Le reproche fait à Fabien Roussel est donc très curieux, sinon étrange, d’autant plus qu’au niveau transports, 2 autres candidats (Jean Luc Melenchon et Yannick Jadot) sont mieux “notés”, alors que leurs propositions pour les transports sont financièrement moindres (d’un rapport 2 à 3, voir ci-dessus), et qu’ils sont par exemple notoirement contre les grands projets de nouvelles lignes ferroviaire. Exemples emblématiques : Lyon Turin, ou la LGV GPSO Bordeaux Toulouse (https://fi33.fr/gpso-et-lgv-bordeaux-toulouse-cest-toujours-non/ et dans le programme de Yannick Jadot : “Nous arrêterons les grands projets inutiles (Lyon-Turin, LGV Rhin-Rhône, LGV Bordeaux-Toulouse et Bordeaux-Dax-frontière espagnole)”) ou encore le la Ligne Nouvelle Provence Côte d’Azur qui prévoit une nouvelle gare souterraine à Marseille pour correctement relier la ligne existante vers Toulon et Nice au réseau national… dans la 4è circonscription des Bouches du Rhône (englobant la gare Marseille St Charles) du député Jean Luc Mélenchon, candidat à l’élection présidentielle, qui n’aura jamais donné un avis sur en 5 ans de mandat sur un projet national concernant sa circonscription (et dont le financement nécessitera des votes au Parlement) !

 

Sur ce tableau (issu des travaux du Shift Project) sont repris en colonne de droite les trafics des mobilités longue distance. On constate que le trafic longue distance en mode carboné, c’est à dire, avion, voiture et cars macron (351 Mds vk) (le vk est l’unité de mesure du trafic, pour 1 voyageur se déplaçant sur 1 km) représente 5,5 fois le trafic ferroviaire de longue distance existant (64 Mds vk). Il faut dès lors bien voir qu’un report modal significatif est possible, mais qu’il ne pourra pas être obtenu “à réseau constant”. Davantage de trains, c’est davantage de voies pour faire circuler les trains, et sur les axes principaux, cela signifie de nouvelles lignes, puisque l’ensemble des trafics fret et voyageurs courtes et longues distances s’y cumulent. Le PDG de la SNCF Jean Pierre Farandou ne s’y trompe pas, et dans sa publication “le fer contre le carbone” ( https://www.jean-jaures.org/wp-content/uploads/2022/02/fer-carbone.pdf ) considère nécessaire, pour seulement doubler les trafics ferroviaires, de réaliser les projets Bordeaux-Toulouse/Dax, Montpellier Perpignan et Provence Côte d’Azur.

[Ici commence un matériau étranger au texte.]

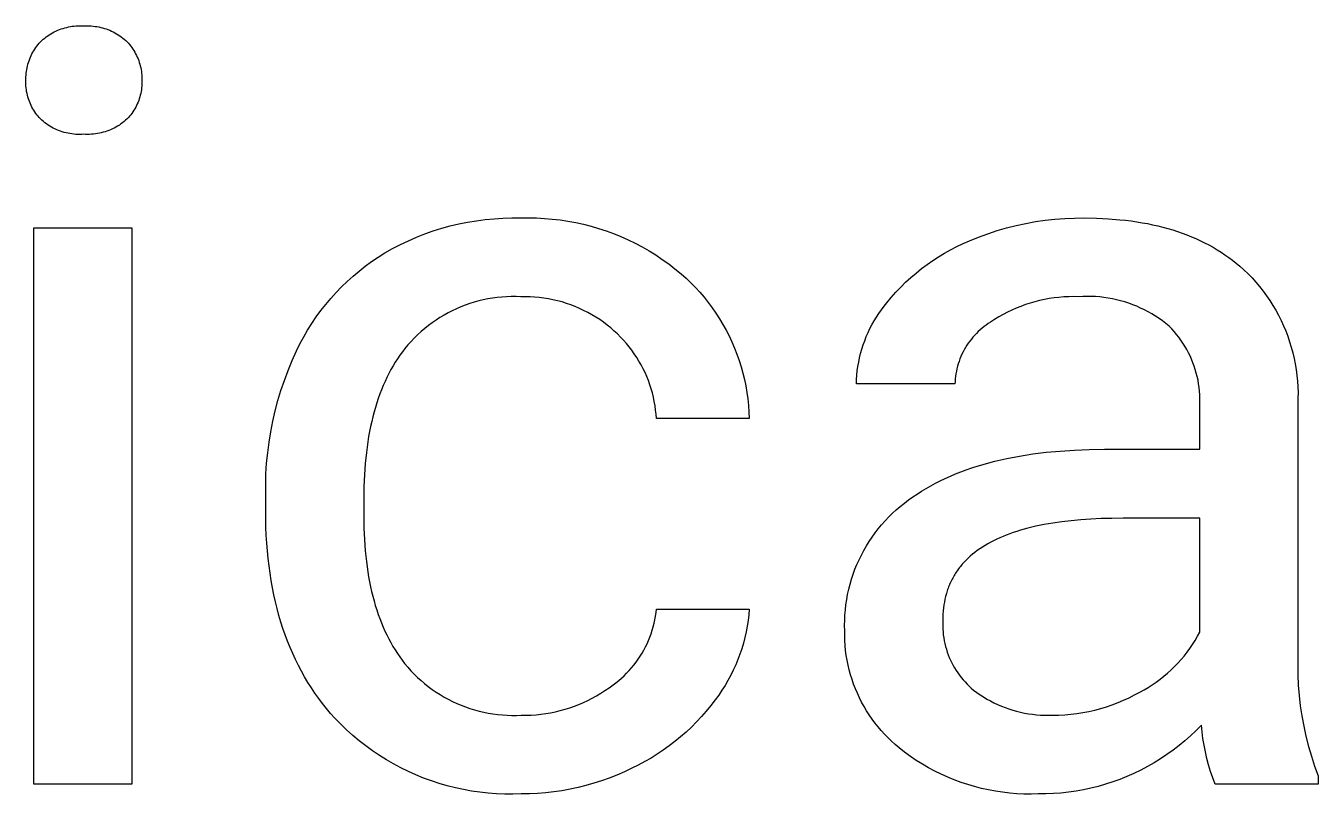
# Model space of a CAD drawing. Header units: millimetres. Extents: x -1480 to 5249, y -840 to 3860.
# Drawn here: x 3122.6 to 3188.9, y -545.5 to -506.1 of the extents above; entities that cross this region are included whole.
import ezdxf

# ---------------------------------------------------------------- set-up
doc = ezdxf.new("R2010")
doc.units = ezdxf.units.MM
doc.header["$MEASUREMENT"] = 0
doc.layers.add('Domyslna', color=7, linetype='Continuous', true_color=0x000000)

msp = doc.modelspace()

# ---------------------------------------------------------------- linework, layer by layer
at = {"layer": 'Domyslna'}
for p, q in [((3123.555, -506.68), (3123.632, -506.621)), ((3123.632, -506.621), (3123.711, -506.564)), ((3123.711, -506.564), (3123.792, -506.51)), ((3123.792, -506.51), (3123.875, -506.459)), ((3123.875, -506.459), (3123.96, -506.41)), ((3123.96, -506.41), (3124.046, -506.364)), ((3124.046, -506.364), (3124.133, -506.322)), ((3124.133, -506.322), (3124.222, -506.282)), ((3124.222, -506.282), (3124.312, -506.246)), ((3124.312, -506.246), (3124.404, -506.212)), ((3124.404, -506.212), (3124.496, -506.182)), ((3124.496, -506.182), (3124.59, -506.154)), ((3124.59, -506.154), (3124.684, -506.13)), ((3124.684, -506.13), (3124.779, -506.11)), ((3124.779, -506.11), (3124.875, -506.092)), ((3124.875, -506.092), (3124.971, -506.078)), ((3124.971, -506.078), (3125.068, -506.067)), ((3125.068, -506.067), (3125.165, -506.059)), ((3125.165, -506.059), (3125.262, -506.054)), ((3125.262, -506.054), (3125.36, -506.053)), ((3125.36, -506.053), (3125.457, -506.055)), ((3125.457, -506.055), (3125.554, -506.061)), ((3125.554, -506.061), (3125.652, -506.056)), ((3125.652, -506.056), (3125.749, -506.054)), ((3125.749, -506.054), (3125.847, -506.055)), ((3125.847, -506.055), (3125.945, -506.06)), ((3125.945, -506.06), (3126.042, -506.067)), ((3126.042, -506.067), (3126.14, -506.079)), ((3126.14, -506.079), (3126.236, -506.093)), ((3126.236, -506.093), (3126.332, -506.111)), ((3126.332, -506.111), (3126.428, -506.131)), ((3126.428, -506.131), (3126.523, -506.156)), ((3126.523, -506.156), (3126.617, -506.183)), ((3126.617, -506.183), (3126.71, -506.213)), ((3126.71, -506.213), (3126.801, -506.247)), ((3126.801, -506.247), (3126.892, -506.283)), ((3126.892, -506.283), (3126.981, -506.323)), ((3126.981, -506.323), (3127.07, -506.365)), ((3127.07, -506.365), (3127.156, -506.411)), ((3127.156, -506.411), (3127.241, -506.459)), ((3127.241, -506.459), (3127.324, -506.511)), ((3127.324, -506.511), (3127.406, -506.565)), ((3127.406, -506.565), (3127.485, -506.621)), ((3127.485, -506.621), (3127.563, -506.681)), ((3122.996, -507.329), (3123.046, -507.248)), ((3123.046, -507.248), (3123.099, -507.17)), ((3123.099, -507.17), (3123.155, -507.093)), ((3123.155, -507.093), (3123.213, -507.018)), ((3123.213, -507.018), (3123.274, -506.945)), ((3123.274, -506.945), (3123.337, -506.874)), ((3123.337, -506.874), (3123.407, -506.807)), ((3123.407, -506.807), (3123.48, -506.742)), ((3123.48, -506.742), (3123.555, -506.68)), ((3127.563, -506.681), (3127.639, -506.743)), ((3127.639, -506.743), (3127.712, -506.807)), ((3127.712, -506.807), (3127.784, -506.874)), ((3127.784, -506.874), (3127.847, -506.945)), ((3127.847, -506.945), (3127.909, -507.017)), ((3127.909, -507.017), (3127.968, -507.092)), ((3127.968, -507.092), (3128.024, -507.168)), ((3128.024, -507.168), (3128.078, -507.247)), ((3128.078, -507.247), (3128.129, -507.327)), ((3122.695, -508.023), (3122.722, -507.932)), ((3122.722, -507.932), (3122.752, -507.842)), ((3122.752, -507.842), (3122.786, -507.754)), ((3122.786, -507.754), (3122.822, -507.666)), ((3122.822, -507.666), (3122.861, -507.58)), ((3122.861, -507.58), (3122.903, -507.494)), ((3122.903, -507.494), (3122.948, -507.411)), ((3122.948, -507.411), (3122.996, -507.329)), ((3128.129, -507.327), (3128.178, -507.409)), ((3128.178, -507.409), (3128.223, -507.492)), ((3128.223, -507.492), (3128.266, -507.577)), ((3128.266, -507.577), (3128.306, -507.664)), ((3128.306, -507.664), (3128.343, -507.751)), ((3128.343, -507.751), (3128.377, -507.84)), ((3128.377, -507.84), (3128.408, -507.93)), ((3128.408, -507.93), (3128.435, -508.021)), ((3122.59, -508.678), (3122.596, -508.583)), ((3122.596, -508.583), (3122.604, -508.488)), ((3122.604, -508.488), (3122.616, -508.394)), ((3122.616, -508.394), (3122.631, -508.301)), ((3122.631, -508.301), (3122.649, -508.207)), ((3122.649, -508.207), (3122.671, -508.115)), ((3122.671, -508.115), (3122.695, -508.023)), ((3128.435, -508.021), (3128.46, -508.113)), ((3128.46, -508.113), (3128.482, -508.206)), ((3128.482, -508.206), (3128.5, -508.299)), ((3128.5, -508.299), (3128.515, -508.393)), ((3128.515, -508.393), (3128.528, -508.487)), ((3128.528, -508.487), (3128.536, -508.582)), ((3128.536, -508.582), (3128.542, -508.677)), ((3122.588, -508.773), (3122.59, -508.678)), ((3122.589, -508.867), (3122.588, -508.773)), ((3122.588, -508.961), (3122.589, -508.867)), ((3122.59, -509.055), (3122.588, -508.961)), ((3122.595, -509.149), (3122.59, -509.055)), ((3122.603, -509.242), (3122.595, -509.149)), ((3122.615, -509.335), (3122.603, -509.242)), ((3128.529, -509.243), (3128.517, -509.337)), ((3128.537, -509.15), (3128.529, -509.243)), ((3128.543, -509.056), (3128.537, -509.15)), ((3128.542, -508.677), (3128.545, -508.772)), ((3128.545, -508.961), (3128.543, -509.056)), ((3128.545, -508.772), (3128.544, -508.867)), ((3128.544, -508.867), (3128.545, -508.961)), ((3122.629, -509.428), (3122.615, -509.335)), ((3122.647, -509.52), (3122.629, -509.428)), ((3122.668, -509.612), (3122.647, -509.52)), ((3122.693, -509.702), (3122.668, -509.612)), ((3122.72, -509.792), (3122.693, -509.702)), ((3122.75, -509.881), (3122.72, -509.792)), ((3122.784, -509.969), (3122.75, -509.881)), ((3128.379, -509.883), (3128.345, -509.971)), ((3128.41, -509.794), (3128.379, -509.883)), ((3128.438, -509.704), (3128.41, -509.794)), ((3128.462, -509.613), (3128.438, -509.704)), ((3128.484, -509.522), (3128.462, -509.613)), ((3128.502, -509.429), (3128.484, -509.522)), ((3128.517, -509.337), (3128.502, -509.429)), ((3122.82, -510.055), (3122.784, -509.969)), ((3122.859, -510.14), (3122.82, -510.055)), ((3122.902, -510.224), (3122.859, -510.14)), ((3122.947, -510.307), (3122.902, -510.224)), ((3122.994, -510.387), (3122.947, -510.307)), ((3123.045, -510.466), (3122.994, -510.387)), ((3123.098, -510.544), (3123.045, -510.466)), ((3123.154, -510.619), (3123.098, -510.544)), ((3128.025, -510.545), (3127.969, -510.62)), ((3128.079, -510.468), (3128.025, -510.545)), ((3128.131, -510.389), (3128.079, -510.468)), ((3128.179, -510.309), (3128.131, -510.389)), ((3128.225, -510.226), (3128.179, -510.309)), ((3128.268, -510.143), (3128.225, -510.226)), ((3128.308, -510.057), (3128.268, -510.143)), ((3128.345, -509.971), (3128.308, -510.057)), ((3123.213, -510.692), (3123.154, -510.619)), ((3123.274, -510.764), (3123.213, -510.692)), ((3123.337, -510.833), (3123.274, -510.764)), ((3123.412, -510.901), (3123.337, -510.833)), ((3123.488, -510.966), (3123.412, -510.901)), ((3123.568, -511.029), (3123.488, -510.966)), ((3123.649, -511.088), (3123.568, -511.029)), ((3123.732, -511.145), (3123.649, -511.088)), ((3123.817, -511.199), (3123.732, -511.145)), ((3123.904, -511.25), (3123.817, -511.199)), ((3123.993, -511.298), (3123.904, -511.25)), ((3127.212, -511.25), (3127.122, -511.297)), ((3127.299, -511.199), (3127.212, -511.25)), ((3127.385, -511.145), (3127.299, -511.199)), ((3127.469, -511.088), (3127.385, -511.145)), ((3127.551, -511.028), (3127.469, -511.088)), ((3127.631, -510.966), (3127.551, -511.028)), ((3127.708, -510.901), (3127.631, -510.966)), ((3127.784, -510.833), (3127.708, -510.901)), ((3127.848, -510.764), (3127.784, -510.833)), ((3127.909, -510.693), (3127.848, -510.764)), ((3127.969, -510.62), (3127.909, -510.693)), ((3124.083, -511.343), (3123.993, -511.298)), ((3124.175, -511.385), (3124.083, -511.343)), ((3124.268, -511.424), (3124.175, -511.385)), ((3124.363, -511.459), (3124.268, -511.424)), ((3124.459, -511.491), (3124.363, -511.459)), ((3124.555, -511.52), (3124.459, -511.491)), ((3124.653, -511.545), (3124.555, -511.52)), ((3124.751, -511.567), (3124.653, -511.545)), ((3124.85, -511.585), (3124.751, -511.567)), ((3124.95, -511.601), (3124.85, -511.585)), ((3125.05, -511.612), (3124.95, -511.601)), ((3125.151, -511.621), (3125.05, -511.612)), ((3125.252, -511.625), (3125.151, -511.621)), ((3125.353, -511.627), (3125.252, -511.625)), ((3125.453, -511.624), (3125.353, -511.627)), ((3125.554, -511.619), (3125.453, -511.624)), ((3125.655, -511.624), (3125.554, -511.619)), ((3125.757, -511.626), (3125.655, -511.624)), ((3125.858, -511.625), (3125.757, -511.626)), ((3125.959, -511.62), (3125.858, -511.625)), ((3126.06, -511.612), (3125.959, -511.62)), ((3126.161, -511.6), (3126.06, -511.612)), ((3126.261, -511.585), (3126.161, -511.6)), ((3126.36, -511.566), (3126.261, -511.585)), ((3126.459, -511.544), (3126.36, -511.566)), ((3126.557, -511.518), (3126.459, -511.544)), ((3126.654, -511.49), (3126.557, -511.518)), ((3126.751, -511.458), (3126.654, -511.49)), ((3126.845, -511.422), (3126.751, -511.458)), ((3126.939, -511.384), (3126.845, -511.422)), ((3127.032, -511.342), (3126.939, -511.384)), ((3127.122, -511.297), (3127.032, -511.342)), ((3147.07, -515.922), (3147.526, -515.909)), ((3147.526, -515.909), (3147.982, -515.913)), ((3147.982, -515.913), (3148.387, -515.906)), ((3148.387, -515.906), (3148.792, -515.912)), ((3148.792, -515.912), (3149.197, -515.932)), ((3175.894, -515.936), (3176.398, -515.916)), ((3176.398, -515.916), (3176.902, -515.913)), ((3176.902, -515.913), (3177.529, -515.923)), ((3122.998, -544.964), (3122.998, -516.418)), ((3122.998, -516.418), (3128.033, -516.418)), ((3128.033, -516.418), (3128.033, -544.964)), ((3143.064, -516.732), (3143.494, -516.581)), ((3143.494, -516.581), (3143.929, -516.444)), ((3143.929, -516.444), (3144.369, -516.323)), ((3144.369, -516.323), (3144.812, -516.217)), ((3144.812, -516.217), (3145.259, -516.127)), ((3145.259, -516.127), (3145.709, -516.052)), ((3145.709, -516.052), (3146.161, -515.993)), ((3146.161, -515.993), (3146.615, -515.949)), ((3146.615, -515.949), (3147.07, -515.922)), ((3149.197, -515.932), (3149.601, -515.966)), ((3149.601, -515.966), (3150.003, -516.013)), ((3150.003, -516.013), (3150.404, -516.073)), ((3150.404, -516.073), (3150.802, -516.147)), ((3150.802, -516.147), (3151.198, -516.235)), ((3151.198, -516.235), (3151.59, -516.335)), ((3151.59, -516.335), (3151.979, -516.449)), ((3151.979, -516.449), (3152.364, -516.576)), ((3152.364, -516.576), (3152.744, -516.715)), ((3171.952, -516.72), (3172.431, -516.563)), ((3172.431, -516.563), (3172.915, -516.422)), ((3172.915, -516.422), (3173.403, -516.298)), ((3173.403, -516.298), (3173.896, -516.191)), ((3173.896, -516.191), (3174.392, -516.102)), ((3174.392, -516.102), (3174.891, -516.029)), ((3174.891, -516.029), (3175.392, -515.974)), ((3175.392, -515.974), (3175.894, -515.936)), ((3177.529, -515.923), (3178.139, -515.952)), ((3178.139, -515.952), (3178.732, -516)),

Les Shifters écrivent également : “De plus, à aucun moment il n’est question de la sortie des énergies fossiles pour les transports.”. Au vu du choc tarifaire et d’infrastructure sur les transports collectifs proposé par Fabien Roussel, ainsi que de la prime à la conversion, et d’un financement qui participe à la démotropolisation (taxe sur les bureaux dans les zones très denses, notamment en Ile de France pour financer les transports dans tout le pays), cette affirmation n’est pas fondée. La question se pose par contre de savoir quel autre candidat en propose autant pour sortir des énergies fossiles dans les transports, sans recourir à l’immobilité contrainte, à laquelle les communistes se refusent car se déplacer est un droit.

Les Shifters notent aussi : “mesures allant à l’encontre de la SNBC : La baisse de la TVA et de la TICPE sur l’énergie”. Cela participe effectivement d’une vision qui n’est pas celle des communistes puisqu’elle consiste à accroître le poids de la fiscalité indirecte qui pèse davantage sur les ménages modestes, et peut les enfermer dans un piège si des solutions alternatives ne sont pas proposées. Toutefois, ces baisses proposées par Fabien Roussel visent à bloquer à 1,70€ le litre de carburant, et participent d’une TICPE flottante, de sorte que l’Etat agit comme un amortisseur des mouvements erratiques du marché. C’est la responsabilité des Shifters de noter négativement cet aspect, mais on notera que le candidat Jean Luc Mélenchon qui propose un blocage du prix du carburant à 1,40€, donc contrevenant encore plus à la logique des Shifters n’est pas noté négativement sur ce critère… car il a annoncé cette mesure après l’évaluation des Shifters.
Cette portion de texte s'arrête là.